- **What this task involves**:
When you reach the line containing "Gaussian Pyramid/1 -> Video Viewer2/1" in the entries below, please begin setting down lines exactly, stop only after the last one, and add nothing else.

[Records contained in a dataset]
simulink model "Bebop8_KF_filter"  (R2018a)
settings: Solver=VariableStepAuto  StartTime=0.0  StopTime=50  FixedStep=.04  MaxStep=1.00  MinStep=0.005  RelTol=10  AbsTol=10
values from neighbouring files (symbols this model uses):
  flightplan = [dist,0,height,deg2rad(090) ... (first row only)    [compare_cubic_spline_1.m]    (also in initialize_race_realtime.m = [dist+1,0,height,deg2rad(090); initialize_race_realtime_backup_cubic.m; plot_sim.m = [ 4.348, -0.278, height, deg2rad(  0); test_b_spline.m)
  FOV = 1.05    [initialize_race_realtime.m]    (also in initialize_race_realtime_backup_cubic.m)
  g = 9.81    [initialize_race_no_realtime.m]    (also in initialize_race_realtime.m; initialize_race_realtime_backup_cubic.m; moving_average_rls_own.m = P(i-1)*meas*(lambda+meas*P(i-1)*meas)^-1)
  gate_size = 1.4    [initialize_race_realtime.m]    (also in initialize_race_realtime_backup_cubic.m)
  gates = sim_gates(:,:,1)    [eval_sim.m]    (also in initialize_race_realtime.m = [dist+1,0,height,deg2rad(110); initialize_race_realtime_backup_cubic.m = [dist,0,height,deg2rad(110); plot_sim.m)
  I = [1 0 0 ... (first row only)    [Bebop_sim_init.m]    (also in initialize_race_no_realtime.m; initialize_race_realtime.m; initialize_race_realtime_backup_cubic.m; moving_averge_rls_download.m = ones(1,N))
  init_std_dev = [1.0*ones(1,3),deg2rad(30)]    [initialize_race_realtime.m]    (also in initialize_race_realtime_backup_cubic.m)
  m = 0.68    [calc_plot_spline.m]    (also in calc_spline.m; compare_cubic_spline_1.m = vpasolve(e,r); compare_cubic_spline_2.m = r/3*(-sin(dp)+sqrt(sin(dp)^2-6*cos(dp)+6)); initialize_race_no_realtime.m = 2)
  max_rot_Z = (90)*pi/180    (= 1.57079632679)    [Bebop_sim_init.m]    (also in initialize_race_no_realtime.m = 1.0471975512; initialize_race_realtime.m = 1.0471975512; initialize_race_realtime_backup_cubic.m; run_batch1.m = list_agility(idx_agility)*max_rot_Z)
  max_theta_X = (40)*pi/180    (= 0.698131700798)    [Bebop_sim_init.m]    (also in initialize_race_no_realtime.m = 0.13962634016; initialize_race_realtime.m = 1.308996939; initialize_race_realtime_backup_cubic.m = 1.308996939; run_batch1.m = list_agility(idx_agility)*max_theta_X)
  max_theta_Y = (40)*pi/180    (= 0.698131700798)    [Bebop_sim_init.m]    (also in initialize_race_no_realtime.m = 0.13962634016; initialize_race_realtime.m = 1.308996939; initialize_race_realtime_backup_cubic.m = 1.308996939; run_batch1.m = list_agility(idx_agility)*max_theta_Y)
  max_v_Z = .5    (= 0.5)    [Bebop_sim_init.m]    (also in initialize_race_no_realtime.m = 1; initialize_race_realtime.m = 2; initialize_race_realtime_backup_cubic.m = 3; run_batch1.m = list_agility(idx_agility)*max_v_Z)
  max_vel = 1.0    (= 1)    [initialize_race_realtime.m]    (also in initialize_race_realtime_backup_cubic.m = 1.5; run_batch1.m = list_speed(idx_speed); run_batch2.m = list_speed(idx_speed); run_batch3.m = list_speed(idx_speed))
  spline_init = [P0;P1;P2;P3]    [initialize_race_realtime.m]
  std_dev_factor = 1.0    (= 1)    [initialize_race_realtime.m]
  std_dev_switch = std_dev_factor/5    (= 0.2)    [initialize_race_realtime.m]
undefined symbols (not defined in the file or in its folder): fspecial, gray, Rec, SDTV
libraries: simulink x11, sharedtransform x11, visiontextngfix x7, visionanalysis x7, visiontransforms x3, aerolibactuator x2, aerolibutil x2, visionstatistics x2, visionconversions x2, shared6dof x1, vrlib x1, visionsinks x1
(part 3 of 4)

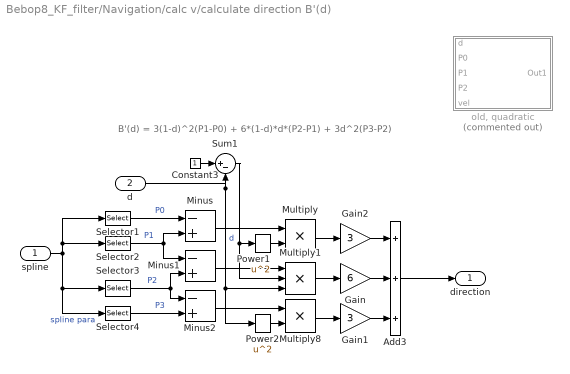
== system Bebop8_KF_filter/Navigation/calc v/calculate direction B'(d) ==
  note: B'(d) = 3(1-d)^2(P1-P0) + 6*(1-d)*d*(P2-P1) + 3d^2(P3-P2)
  spline : Inport
  d : Inport  Port=2
  Add3 : Sum  Inputs=+++
  Constant3 : Constant
  Gain : Gain  Gain=6
  Gain1 : Gain  Gain=3
  Gain2 : Gain  Gain=3
  Minus : Sum  Inputs=-+
  Minus1 : Sum  Inputs=-+
  Minus2 : Sum  Inputs=-+
  Multiply : Product
  Multiply1 : Product  Inputs=3
  Multiply8 : Product
  Power1 : Math  Operator=square  SaturateOnIntegerOverflow=on
  Power2 : Math  Operator=square  SaturateOnIntegerOverflow=on
  Selector1 : Selector  NumberOfDimensions=2  IndexMode=Zero-based  InputPortWidth=3  IndexOptions=Index vector (dialog),Select all  Indices=0,[0 1 2]  OutputSizes=1,1
  Selector2 : Selector  NumberOfDimensions=2  IndexMode=Zero-based  InputPortWidth=3  IndexOptions=Index vector (dialog),Select all  Indices=1,[0 1 2]  OutputSizes=1,1
  Selector3 : Selector  NumberOfDimensions=2  IndexMode=Zero-based  InputPortWidth=3  IndexOptions=Index vector (dialog),Select all  Indices=2,[0 1 2]  OutputSizes=1,1
  Selector4 : Selector  NumberOfDimensions=2  IndexMode=Zero-based  InputPortWidth=3  IndexOptions=Index vector (dialog),Select all  Indices=3,[0 1 2]  OutputSizes=1,1
  Sum1 : Sum  Inputs=|+-
  "old, quadratic" : Subsystem  Commented=on
  direction : Outport
  wires:
  Sum1/1 -> Multiply1/2, Power1/1
  Minus1/1 -> Multiply1/1
  Minus/1 -> Multiply/1
  Gain/1 -> Add3/2
  Gain1/1 -> Add3/3
  Multiply1/1 -> Gain/1
  Minus2/1 -> Multiply8/1
  Constant3/1 -> Sum1/1
  Multiply/1 -> Gain2/1
  Multiply8/1 -> Gain1/1
  Power2/1 -> Multiply8/2
  Power1/1 -> Multiply/2
  d/1 -> Sum1/2, Power2/1, Multiply1/3  "d"
  Gain2/1 -> Add3/1
  Add3/1 -> direction/1
  Selector1/1 -> Minus/1  "P0"
  Selector3/1 -> Minus2/1, Minus1/2  "P2"
  spline/1 -> Selector2/1, Selector1/1, Selector4/1, Selector3/1  "spline para"
  Selector2/1 -> Minus1/1, Minus/2  "P1"
  Selector4/1 -> Minus2/2  "P3"

== system Bebop8_KF_filter/Navigation/calc v/min spd ==
  In1 : Inport
  Abs : Abs
  Add : Sum  Inputs=+-
  Constant : Constant  Value=0.01
  Constant1 : Constant  Value=0.5
  Minus : Sum  Inputs=+-
  Multiply : Product
  Saturation : Saturate  UpperLimit=0  LowerLimit=-1
  Scope : Scope  NumInputPorts=7
  Sign : Signum
  Sign1 : Signum
  Sum : Sum  Inputs=|++
  Out1 : Outport
  wires:
  In1/1 -> Scope/1, Add/1, Sign/1, Abs/1
  Abs/1 -> Minus/1
  Constant/1 -> Minus/2
  Minus/1 -> Scope/4, Saturation/1
  Saturation/1 -> Scope/5, Multiply/1
  Sum/1 -> Sign1/1
  Multiply/1 -> Scope/2, Add/2
  Add/1 -> Scope/3, Out1/1
  Constant1/1 -> Sum/2
  Sign1/1 -> Multiply/2
  Sign/1 -> Sum/1

== system Bebop8_KF_filter/Navigation/calculate desired/If Action Subsystem ==
  In1 : Inport
  Action Port : ActionPort  ActionType=then
  Out1 : Outport
  wires:
  In1/1 -> Out1/1

== system Bebop8_KF_filter/Navigation/calculate desired/If Action Subsystem1 ==
  In1 : Inport
  Action Port : ActionPort  ActionType=else
  Out1 : Outport
  wires:
  In1/1 -> Out1/1

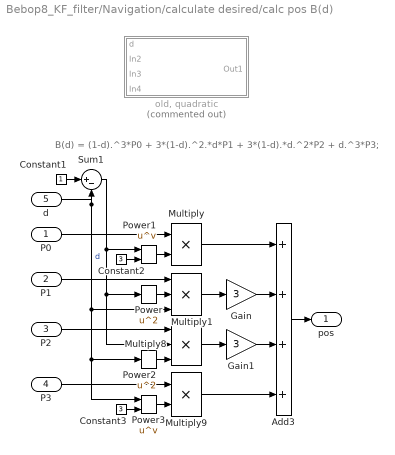
== system Bebop8_KF_filter/Navigation/calculate desired/calc pos B(d) ==
  note: B(d) = (1-d).^3*P0 + 3*(1-d).^2.*d*P1 + 3*(1-d).*d.^2*P2 + d.^3*P3;
  P0 : Inport
  P1 : Inport  Port=2
  P2 : Inport  Port=3
  P3 : Inport  Port=4
  d : Inport  Port=5
  Add3 : Sum  Inputs=++++
  Constant1 : Constant
  Constant2 : Constant  Value=3
  Constant3 : Constant  Value=3
  Gain : Gain  Gain=3
  Gain1 : Gain  Gain=3
  Multiply : Product
  Multiply1 : Product  Inputs=3
  Multiply8 : Product  Inputs=3
  Multiply9 : Product
  Power : Math  Operator=square  SaturateOnIntegerOverflow=on
  Power1 : Math  Operator=pow  SaturateOnIntegerOverflow=on
  Power2 : Math  Operator=square  SaturateOnIntegerOverflow=on
  Power3 : Math  Operator=pow  SaturateOnIntegerOverflow=on
  Sum1 : Sum  Inputs=|+-
  "old, quadratic" : Subsystem  Commented=on
  pos : Outport
  wires:
  Gain/1 -> Add3/2
  Gain1/1 -> Add3/3
  P1/1 -> Multiply1/1
  P0/1 -> Multiply/1
  P2/1 -> Multiply8/1
  P3/1 -> Multiply9/1
  Multiply/1 -> Add3/1
  Multiply1/1 -> Gain/1
  Multiply8/1 -> Gain1/1
  Multiply9/1 -> Add3/4
  Add3/1 -> pos/1
  Constant1/1 -> Sum1/1
  d/1 -> Sum1/2, Multiply1/3, Power2/1, Power3/1  "d"
  Power/1 -> Multiply1/2
  Power1/1 -> Multiply/2
  Power2/1 -> Multiply8/3
  Power3/1 -> Multiply9/2
  Constant2/1 -> Power1/2
  Constant3/1 -> Power3/2
  Sum1/1 -> Multiply8/2, Power/1, Power1/1

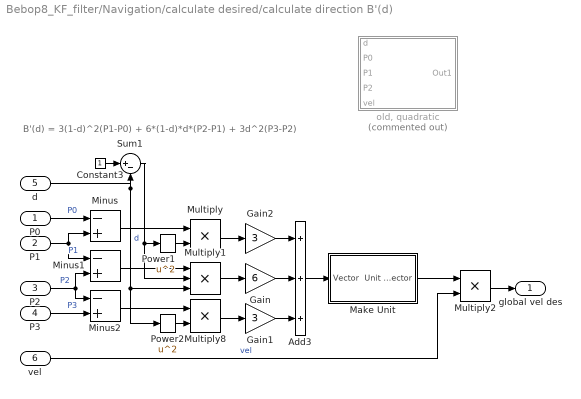
== system Bebop8_KF_filter/Navigation/calculate desired/calculate direction B'(d) ==
  note: B'(d) = 3(1-d)^2(P1-P0) + 6*(1-d)*d*(P2-P1) + 3d^2(P3-P2)
  P0 : Inport
  P1 : Inport  Port=2
  P2 : Inport  Port=3
  P3 : Inport  Port=4
  d : Inport  Port=5
  vel : Inport  Port=6
  Add3 : Sum  Inputs=+++
  Constant3 : Constant
  Gain : Gain  Gain=6
  Gain1 : Gain  Gain=3
  Gain2 : Gain  Gain=3
  Make Unit : Subsystem
  Minus : Sum  Inputs=-+
  Minus1 : Sum  Inputs=-+
  Minus2 : Sum  Inputs=-+
  Multiply : Product
  Multiply1 : Product  Inputs=3
  Multiply2 : Product
  Multiply8 : Product
  Power1 : Math  Operator=square  SaturateOnIntegerOverflow=on
  Power2 : Math  Operator=square  SaturateOnIntegerOverflow=on
  Sum1 : Sum  Inputs=|+-
  "old, quadratic" : Subsystem  Commented=on
  global vel des : Outport
  wires:
  Sum1/1 -> Multiply1/2, Power1/1
  Minus1/1 -> Multiply1/1
  Minus/1 -> Multiply/1
  Gain/1 -> Add3/2
  Gain1/1 -> Add3/3
  Multiply1/1 -> Gain/1
  Minus2/1 -> Multiply8/1
  Constant3/1 -> Sum1/1
  Multiply/1 -> Gain2/1
  Multiply8/1 -> Gain1/1
  Power2/1 -> Multiply8/2
  Power1/1 -> Multiply/2
  d/1 -> Sum1/2, Power2/1, Multiply1/3  "d"
  Gain2/1 -> Add3/1
  P0/1 -> Minus/1  "P0"
  P1/1 -> Minus/2, Minus1/1  "P1"
  P2/1 -> Minus1/2, Minus2/1  "P2"
  P3/1 -> Minus2/2  "P3"
  Multiply2/1 -> global vel des/1
  Add3/1 -> Make Unit/1(Vector)
  Make Unit/1(Unit Vector) -> Multiply2/1
  vel/1 -> Multiply2/2  "vel"

== system Bebop8_KF_filter/Navigation/calculate desired/min gate distance ==
  Constant2 : Constant  Value=gate_size
  Constant3 : Constant  Value=FOV
  Divide : Product  Inputs=*/
  Gain1 : Gain  Gain=0.5
  Gain2 : Gain  Gain=0.5
  Tan : Trigonometry  Operator=tan
  min gate dist : Outport
  wires:
  Constant3/1 -> Gain2/1
  Constant2/1 -> Gain1/1
  Gain1/1 -> Divide/1
  Gain2/1 -> Tan/1
  Divide/1 -> min gate dist/1  "min dist"
  Tan/1 -> Divide/2

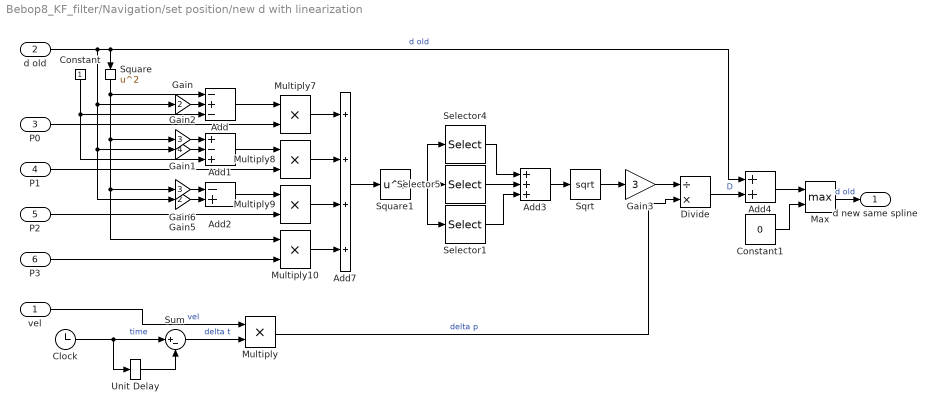
== system Bebop8_KF_filter/Navigation/set position/new d with linearization ==
  vel : Inport
  d old : Inport  Port=2
  P0 : Inport  Port=3
  P1 : Inport  Port=4
  P2 : Inport  Port=5
  P3 : Inport  Port=6
  Add : Sum  Inputs=-+-
  Add1 : Sum  Inputs=+-+
  Add2 : Sum  Inputs=-+
  Add3 : Sum  Inputs=+++
  Add4 : Sum
  Add7 : Sum  Inputs=++++
  Clock : Clock
  Constant : Constant
  Constant1 : Constant  Value=0
  Divide : Product  Inputs=/*
  Gain : Gain  Gain=2
  Gain1 : Gain  Gain=4
  Gain2 : Gain  Gain=3
  Gain3 : Gain  Gain=3
  Gain5 : Gain  Gain=2
  Gain6 : Gain  Gain=3
  Max : MinMax  Function=max  Inputs=2
  Multiply{,7..10} (5 alike) : Product
  Selector1 : Selector  IndexMode=Zero-based  InputPortWidth=3  IndexOptions=Index vector (dialog)  Indices=2  OutputSizes=1
  Selector4 : Selector  IndexMode=Zero-based  InputPortWidth=3  IndexOptions=Index vector (dialog)  Indices=0  OutputSizes=1
  Selector5 : Selector  IndexMode=Zero-based  InputPortWidth=3  IndexOptions=Index vector (dialog)  Indices=1  OutputSizes=1
  Sqrt : Sqrt  SaturateOnIntegerOverflow=on
  Square : Math  Operator=square  SaturateOnIntegerOverflow=on
  Square1 : Math  Operator=square  SaturateOnIntegerOverflow=on
  Sum : Sum  Inputs=|+-
  Unit Delay : UnitDelay  SampleTime=-1
  d new same spline : Outport
  wires:
  Add7/1 -> Square1/1
  Multiply8/1 -> Add7/2
  Multiply9/1 -> Add7/3
  Square/1 -> Multiply10/1, Gain6/1, Gain2/1, Add/1
  Gain/1 -> Add/2
  Constant/1 -> Add1/3, Add/3
  Gain2/1 -> Add1/1
  Gain1/1 -> Add1/2
  Gain6/1 -> Add2/1
  Gain5/1 -> Add2/2
  Multiply10/1 -> Add7/4
  Add2/1 -> Multiply9/1
  Add1/1 -> Multiply8/1
  Add/1 -> Multiply7/1
  Multiply7/1 -> Add7/1
  Selector5/1 -> Add3/2
  Multiply/1 -> Divide/2  "delta p"
  Gain3/1 -> Divide/1
  Divide/1 -> Add4/2  "D"
  Selector4/1 -> Add3/1
  Add3/1 -> Sqrt/1
  Square1/1 -> Selector1/1, Selector4/1, Selector5/1
  Sqrt/1 -> Gain3/1
  Selector1/1 -> Add3/3
  Sum/1 -> Multiply/2  "delta t"
  Unit Delay/1 -> Sum/2
  vel/1 -> Multiply/1  "vel"
  Clock/1 -> Unit Delay/1, Sum/1  "time"
  Add4/1 -> Max/1
  Constant1/1 -> Max/2
  P1/1 -> Multiply8/2
  P2/1 -> Multiply9/2
  P0/1 -> Multiply7/2
  Max/1 -> d new same spline/1  "d old"
  P3/1 -> Multiply10/2
  d old/1 -> Add4/1, Square/1, Gain/1, Gain5/1, Gain1/1  "d old"

== system Bebop8_KF_filter/Vision System/Harris corner detection/Harris Corners ==
  Threshold : Inport
  Corner Detection : visionanalysis/Corner Detection  method=Harris corner detection (Harris & Stephens)  factor=0.01  filter=fspecial('gaussian', [1 9], 3)  thrInten=0.1  thrAngle=157.5  output=Obsolete9b  outputInUse=Corner location  maxNum=5  thrMetric=0.01  neighborSize=[25 25]  isOutVarDim=on  accumMode=Binary point scaling  accumWordLength=32  accumFracLength=0  prodOutputMode=Binary point scaling  prodOutputWordLength=32  prodOutputFracLength=0  memoryMode=Binary point scaling  memoryWordLength=32  memoryFracLength=0  firstCoeffMode=Specify word length  firstCoeffWordLength=16  firstCoeffFracLength=17  roundingMode=Floor  overflowMode=off
      settings: SourceProductName=Computer Vision System Toolbox  SourceProductBaseCode=VP
  Gaussian Pyramid : visiontransforms/Gaussian Pyramid  Commented=on  operation=Expand  level=1  source=Specify via dialog  a=0.375  coef=fspecial('gaussian', [1 9], 3)  hiddenCoef=fspecial('gaussian', [1 9], 3)  firstCoeffMode=Specify word length  firstCoeffWordLength=16  firstCoeffFracLength=17  outputMode=Binary point scaling  outputWordLength=32  outputFracLength=10  prodOutputMode=Binary point scaling  prodOutputWordLength=32  prodOutputFracLength=10  roundingMode=Floor  overflowMode=off
      settings: SourceProductName=Computer Vision System Toolbox  SourceProductBaseCode=VP
  Video Viewer2 : VideoViewer  Commented=on  colormapValue=gray(256)  FigPos=[76 898 768 763]
  Corners : Outport
  wires:
  Threshold/1 -> Gaussian Pyramid/1, Corner Detection/1
  Gaussian Pyramid/1 -> Video Viewer2/1
  Corner Detection/1 -> Corners/1

== system Bebop8_KF_filter/Vision System/Harris corner detection/calculate corners ==
  In1 : Inport
  Action Port : ActionPort  PropagateVarSize=During execution  ActionType=then
  calculate corners : MATLAB Function  TreatAsAtomicUnit=on
  Out1 : Outport
  wires:
  In1/1 -> calculate corners/1(corners)
  calculate corners/1(corners_four) -> Out1/1

== system Bebop8_KF_filter/Control/Create Path Frame/Make X Vector/Make Unit ==
  Vector : Inport
  Multiply : Product
  Reciprocal Sqrt : Sqrt  Operator=rSqrt  SaturateOnIntegerOverflow=on
  Square : Math  Operator=square  SaturateOnIntegerOverflow=on
  Sum of Elements : Sum  Inputs=+
  Unit Vector : Outport
  wires:
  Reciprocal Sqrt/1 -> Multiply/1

- **Response for this exercise**:
  Gaussian Pyramid/1 -> Video Viewer2/1
  Corner Detection/1 -> Corners/1

== system Bebop8_KF_filter/Vision System/Harris corner detection/calculate corners ==
  In1 : Inport
  Action Port : ActionPort  PropagateVarSize=During execution  ActionType=then
  calculate corners : MATLAB Function  TreatAsAtomicUnit=on
  Out1 : Outport
  wires:
  In1/1 -> calculate corners/1(corners)
  calculate corners/1(corners_four) -> Out1/1

== system Bebop8_KF_filter/Control/Create Path Frame/Make X Vector/Make Unit ==
  Vector : Inport
  Multiply : Product
  Reciprocal Sqrt : Sqrt  Operator=rSqrt  SaturateOnIntegerOverflow=on
  Square : Math  Operator=square  SaturateOnIntegerOverflow=on
  Sum of Elements : Sum  Inputs=+
  Unit Vector : Outport
  wires:
  Reciprocal Sqrt/1 -> Multiply/1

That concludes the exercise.